■ Exercise aim ■
Go through the data below line by line. Give only the number of lines that contain "dimension".
------------
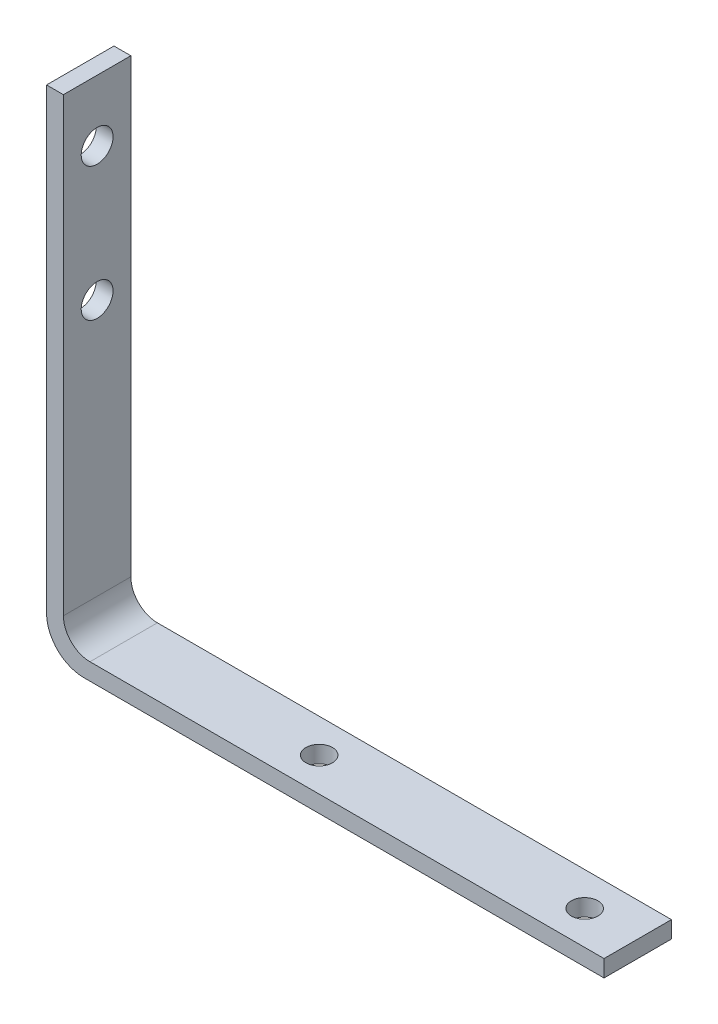
SolidWorks part; units mm, degrees
ref_plane "Front Plane" through (0, 0, 0) normal (0, 0, 1) x (1, 0, 0)
ref_plane "Top Plane" through (0, 0, 0) normal (0, 1, 0) x (1, 0, 0)
ref_plane "Right Plane" through (0, 0, 0) normal (1, 0, 0) x (0, 0, -1)
sketch "Sketch1" plane through (0, 0, 0) normal (0, 1, 0) x (1, 0, 0)
  line L0 (-52.5, 0) -> (52.5, 0) construction
  line L1 (-52.5, -6.35) -> (52.5, -6.35)
  line L2 (-52.5, -6.35) -> (-52.5, 6.35)
  line L3 (-52.5, 6.35) -> (52.5, 6.35)
  line L4 (52.5, -6.35) -> (52.5, 6.35)
  line L5 (-52.5, -6.35) -> (52.5, 6.35) construction
  line L6 (-52.5, 6.35) -> (52.5, -6.35) construction
  circle A0 centre (42.5, 0) radius 2.5
  circle A1 centre (-7.5, 0) radius 2.5
  point P0 (0, 0)
  dimension "D3" = 5
  dimension "D1" = 105
  dimension "D2" = 12.7
  dimension "D4" = 10
  dimension "D5" = 50
extrude "Boss-Extrude1" add sketch "Sketch1" along normal blind 3.175
sketch "Sketch2" plane through (0, 3.175, 0) normal (0, 1, 0) x (1, 0, 0)
  line L0 (-52.5, -6.35) -> (52.5, -6.35) construction
  line L1 (-52.5, 6.35) -> (-49.325, 6.35)
  line L2 (-52.5, 6.35) -> (-52.5, -6.35)
  line L3 (-52.5, -6.35) -> (-49.325, -6.35)
  line L4 (-49.325, 6.35) -> (-49.325, -6.35)
  line L5 (-52.5, 6.35) -> (-52.5, -6.35) construction
  dimension "D1" = 3.175
extrude "Boss-Extrude2" add sketch "Sketch2" along normal blind 90
sketch "Sketch3" plane through (-52.5, 0, 0) normal (-1, 0, 0) x (0, 0, 1)
  line L0 (0, 0) -> (0, 93.175) construction
  line L1 (-6.35, 0) -> (6.35, 0) construction
  line L2 (-6.35, 93.175) -> (6.35, 93.175) construction
  line L3 (-6.35, 40) -> (6.35, 40) construction
  line L4 (-6.35, 93.175) -> (-6.35, 0) construction
  line L5 (6.35, 93.175) -> (6.35, 0) construction
  circle A0 centre (0, 56.51) radius 3
  circle A1 centre (0, 81.656) radius 3
  dimension "D1" = 6
  dimension "D5" = 6
  dimension "D2" = 40
  dimension "D3" = 16.51
  dimension "D4" = 25.146
extrude "Cut-Extrude1" cut sketch "Sketch3" against normal blind 3.175 contours A0 | A1
fillet "Fillet1" radius 5 1 edges at (-49.325, 3.175, 0)
fillet "Fillet2" radius 7 1 edges at (-52.5, 0, 0)
------------
■ Answer section ■
11